Философы высказывают изумление и пожимают плечами перед крайнею поверхностностью суждений автора о важнейших философских и религиозных вопросах3. Наконец, музыкальные критики подшучивают в газетных фельетонах над несколько высокопарными и туманными суждениями д-ра философии о музыкальных произведениях знаменитейших немецких композиторов. Мы, с своей стороны, по прочтении книги Штрауса, убедились в неточности и неправильности заглавия, данного ей автором. По нашему мнению, своей книге Штраус должен бы дать такое заглавие: «Старая и устаревшая вера». Это название было бы справедливо в двояком отношении: во-первых, в том, что Штраус большею частью, за весьма немногими исключениями, повторяет в своей книге старые предрассудки и предзанятые тенденции, частью свои собственные, частью чужие; во-вторых, в том, что мировоззрение, выдаваемое им за новейшее, в сущности несравненно старше христианского по времени происхождения.
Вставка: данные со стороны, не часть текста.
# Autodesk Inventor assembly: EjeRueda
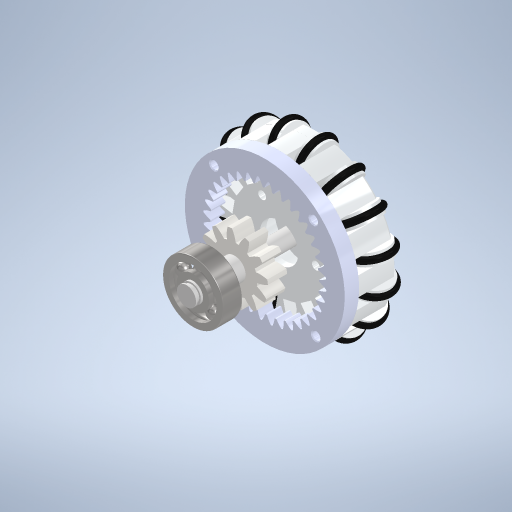
[picture p0: Inventor's stored thumbnail of the model, 512x512]
Saved by Autodesk Inventor 2023 (Build 270158000, 158)
## iProperties
Created: 2022-09-09
Part Number: EjeRueda
Document SubType Name: Assembly
Designer: Lab. de Manufactura
Author: Lab. de Manufactura
## Documents named in this file (5)
- C:\Users\hiago.sodre\Downloads\ssl_CAD-main\Model_2XL430-W250-T\EjeRueda.iam
- C:\Users\hiago.sodre\Downloads\ssl_CAD-main\Model_2XL430-W250-T\EjeSmallSize\eje.ipt
- C:\Users\hiago.sodre\Downloads\ssl_CAD-main\Model_2XL430-W250-T\SmallSize\Design Accelerator\Engranaje recto11.ipt
- C:\Users\hiago.sodre\Downloads\ssl_CAD-main\Model_2XL430-W250-T\BS 290 SKF - SKF 626-2RS1.ipt
- C:\Users\hiago.sodre\Downloads\Projeto FURGBOL\MecânicaOld\Roda antiga modificada\RODA MONTADA.iam
## Components (4 placed, 4 different names)
1. eje:1 — Rígido:2, De rotación:1, De rotación:2
2. Engranaje recto1:1 — Rígido:2
3. BS 290 SKF- con dos juntas RS1 SKF 626-2RS1:1 — De rotación:1
4. RODA MONTADA:1 [sub-assembly] — De rotación:2
## Relationships (3: RevoluteJoint 2, WeldJoint 1)
- Rígido:2 [WeldJoint]: eje:1 ↔ Engranaje recto1:1
- De rotación:1 [RevoluteJoint]: eje:1 ↔ BS 290 SKF- con dos juntas RS1 SKF 626-2RS1:1
- De rotación:2 [RevoluteJoint]: eje:1 ↔ RODA MONTADA:1

В сущности, это мировоззрение ничем не отличается от мировоззрения языческой дохристианской древности. Штраус, с его универсом, с его первобытными обезьянами, с его моралью, отдающей по местам запахом стоицизма, по местам запахом древнего эпикурейства, проповедует в своей новой вере людям то, что человечество слышало до явления христианства и что даже в то время не удовлетворяло более серьезные умы. Обоготворение вселенной, проектируемое для нового человечества, так же древне, как язычество, – и по многим отношения представляет ступень, низшую того идолопоклонства, которое осмеивали древние Пророки. Убеждение Штрауса в происхождении человека от обезьяны сближает отчасти его новую веру с верованиями первобытных диких народов, исповедующих религию фетишизма и зоолатрия, у которых, как показывают новейшие исследования, очень сильно распространено было мнение о своем происхождении от разных видов животных. На основании всего этого, мы позволяем себе думать, что в книге Штрауса мы встретили не новейшее мировоззрение, а мировоззрение «просвещенных дикарей XIX столетия».

* * *

1

Du Bois – Reymonds, uber die Granzen der Natur Erkentniss.

2

Статья профессора Губера в «Allgemei ne Zeitung» по поводу книги Штрауса. Декабрь 1872.

3

Статья Carriere в Deutsche «Allgemeine Zeitung».


Источник: Н.П. Рождественский. Старая и новая вера // Христианское чтение. 1873. No 3. С. 401–454.